Directly to Evelyn’s right, in the back row, Desiree sat beside all the residents of Mercy House: Lucia, Esther, Mei-Li, and Katrina. It was like a multitude of heavenly host appearing to Evelyn to say: Glory to God in the highest. And peace to his people on earth.
Their presence laid a steady hand on her nerves. Her body stilled; her adrenaline factory shut down. She lowered herself into the pew.
Desiree wore a hot pink bandage dress that cut deeply down her chest, wrapped around every bend and bow of her belly, and ended abruptly across her thighs. “You like my Easter finest?” she asked in barely a whisper while her hands outlined her sides. “God wants to admire the shit He made.’” She pressed the sides of her breasts together so that they rose like leavened bread, and her eyes lifted toward the ceiling. “He’s got the best view.”
Evelyn patted Desiree’s knee. “You look beautiful,” she said. Then she leaned forward and extended her hand beyond Desiree. The other four women reached back. Lucia’s face, which had once been swollen and bruised, now looked fresh and strong. A gold pendant in the shape of Haiti glinted on Esther’s chest, and her full lips were painted a more vibrant ruby than Evelyn remembered seeing her wear. Mei-Li wore a crisp white button-down shirt, collar pressed, and her hair was tied back in a neat, professional twist. Katrina’s hair was streaked with additional highlights; pink strands were now lined up beside shades of purple, blue, and green, like in a unicorn’s mane. But there was somet
hing else—for the first time since Evelyn had known her, Katrina wasn’t wearing earbuds. Evelyn’s fingers grazed theirs. “Good to see you, ladies.”
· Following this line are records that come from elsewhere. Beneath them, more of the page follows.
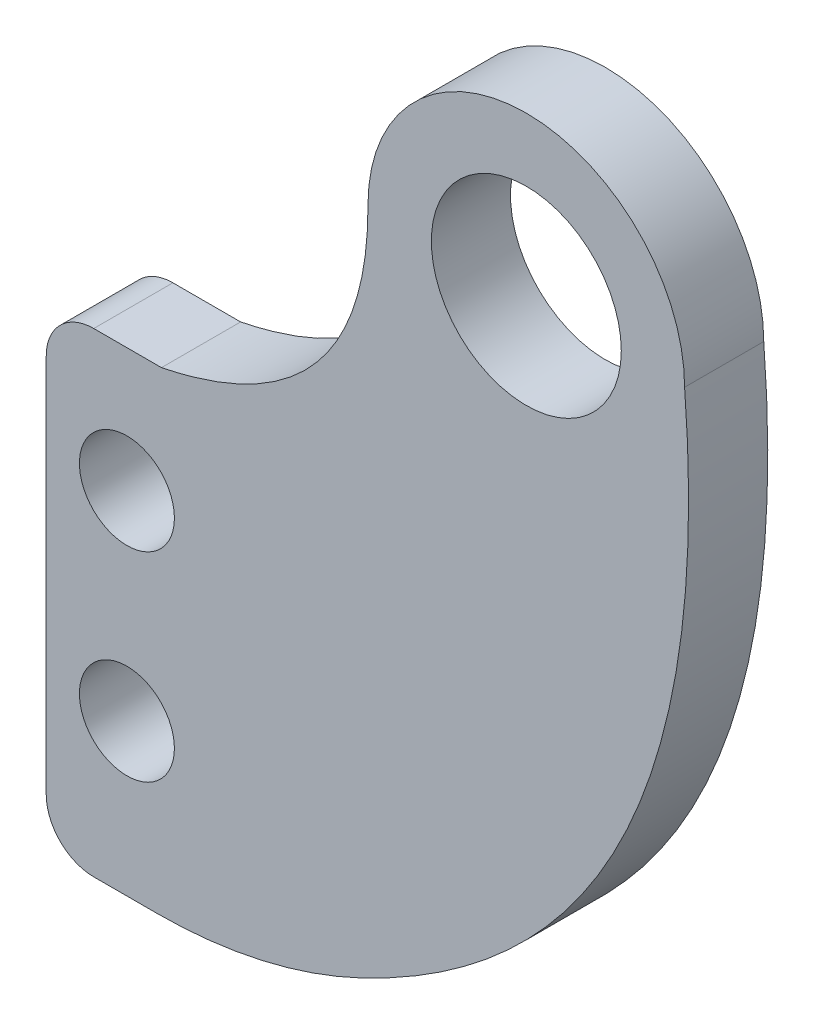
SolidWorks part; units mm, degrees
ref_plane "Front Plane" through (0, 0, 0) normal (0, 0, 1) x (1, 0, 0)
ref_plane "Top Plane" through (0, 0, 0) normal (0, 1, 0) x (1, 0, 0)
ref_plane "Right Plane" through (0, 0, 0) normal (1, 0, 0) x (0, 0, -1)
sketch "Sketch1" plane through (0, 0, 0) normal (0, 0, 1) x (1, 0, 0)
  line L0 (685.3525, 849.163) -> (685.3525, 879.163)
  line L1 (685.3525, 879.163) -> (692.6319, 879.163)
  line L2 (685.3525, 849.163) -> (697.4485, 849.163)
  circle A0 centre (690.4485, 858.7392) radius 3
  circle A1 centre (690.4485, 871.3392) radius 3
  circle A2 centre (715.6785, 894.6117) radius 6
  arc A3 (725.6785, 894.6117) -> (705.6786, 894.5731) centre (715.6785, 894.6117) ccw
  spline S0 degree 2 poles (705.6785, 894.6117) (705.713, 881.815) (692.6319, 879.163) knots 0 0 0 1 1 1
  spline S1 degree 2 poles (697.4485, 849.163) (728.6162, 858.089) (725.6785, 894.6117) knots 0 0 0 1 1 1
extrude "Boss-Extrude1" add sketch "Sketch1" along normal blind 5 contours L2 S1 A3 S0 L1 L0 A0 A1 A2
fillet "Fillet1" radius 30 3 edges at (697.4485, 849.163, 2.5)
fillet "Fillet3" radius 3 1 edges at (685.3525, 879.163, 2.5)
fillet "Fillet4" radius 3 1 edges at (685.3525, 849.163, 2.5)

When she straightened, she spotted a far less pleasant sight: Bishop Hawkins roosted on the sanctuary, in the ornate celebrant chair. He’d left to investigate another order but had returned on Easter to show stability and solidarity during this parish’s time of uncertainty—a nun’s excommunication was no trivial thing. Evelyn knew he’d be there, but shuddered to see him all the same.
If he’d seen her enter, which he undoubtedly had, he was ignoring her—convincingly. He’d had years of practice.
Little bundles of anxiety scaled the interior walls of her stomach. She focused her attention elsewhere in the sanctuary: the vaulted cathedral ceiling with clusters of arches meeting at a central point; morning light streaming through stained glass windows; the altar, set with pristine linens and candles, a table ready for a celebratory meal; behind the altar, a wooden Jesus nailed to his crucifix; evangelists carved into the front of the pulpit. The congregation said, “Lord, have mercy.”
The Mass continued with readings from Acts, Psalms, and Colossians. When it was time for the Gospel, Bishop Hawkins ascended from his perch. He had donned a cream chasuble with a stripe of rich gold embroidery down the front. Evelyn couldn’t make it out from where she sat, but it likely depicted a biblical scene. Such vestments cost thousands of dollars. She thought, You can shroud a rodent in lavish garments, but it doesn’t make him any less of a rodent.
As he approached the pulpit, the congregation rose, but Evelyn remained seated. The residents followed her lead. Desiree’s hand covered hers.
The bishop took a moment to survey the crowd before beginning, perhaps allotting extra time for the reluctant. He wanted everybody on their feet. Finally, he said, “A reading from the holy Gospel according to Luke,” and then he made a big show of tracing crosses over his forehead, mouth, and heart.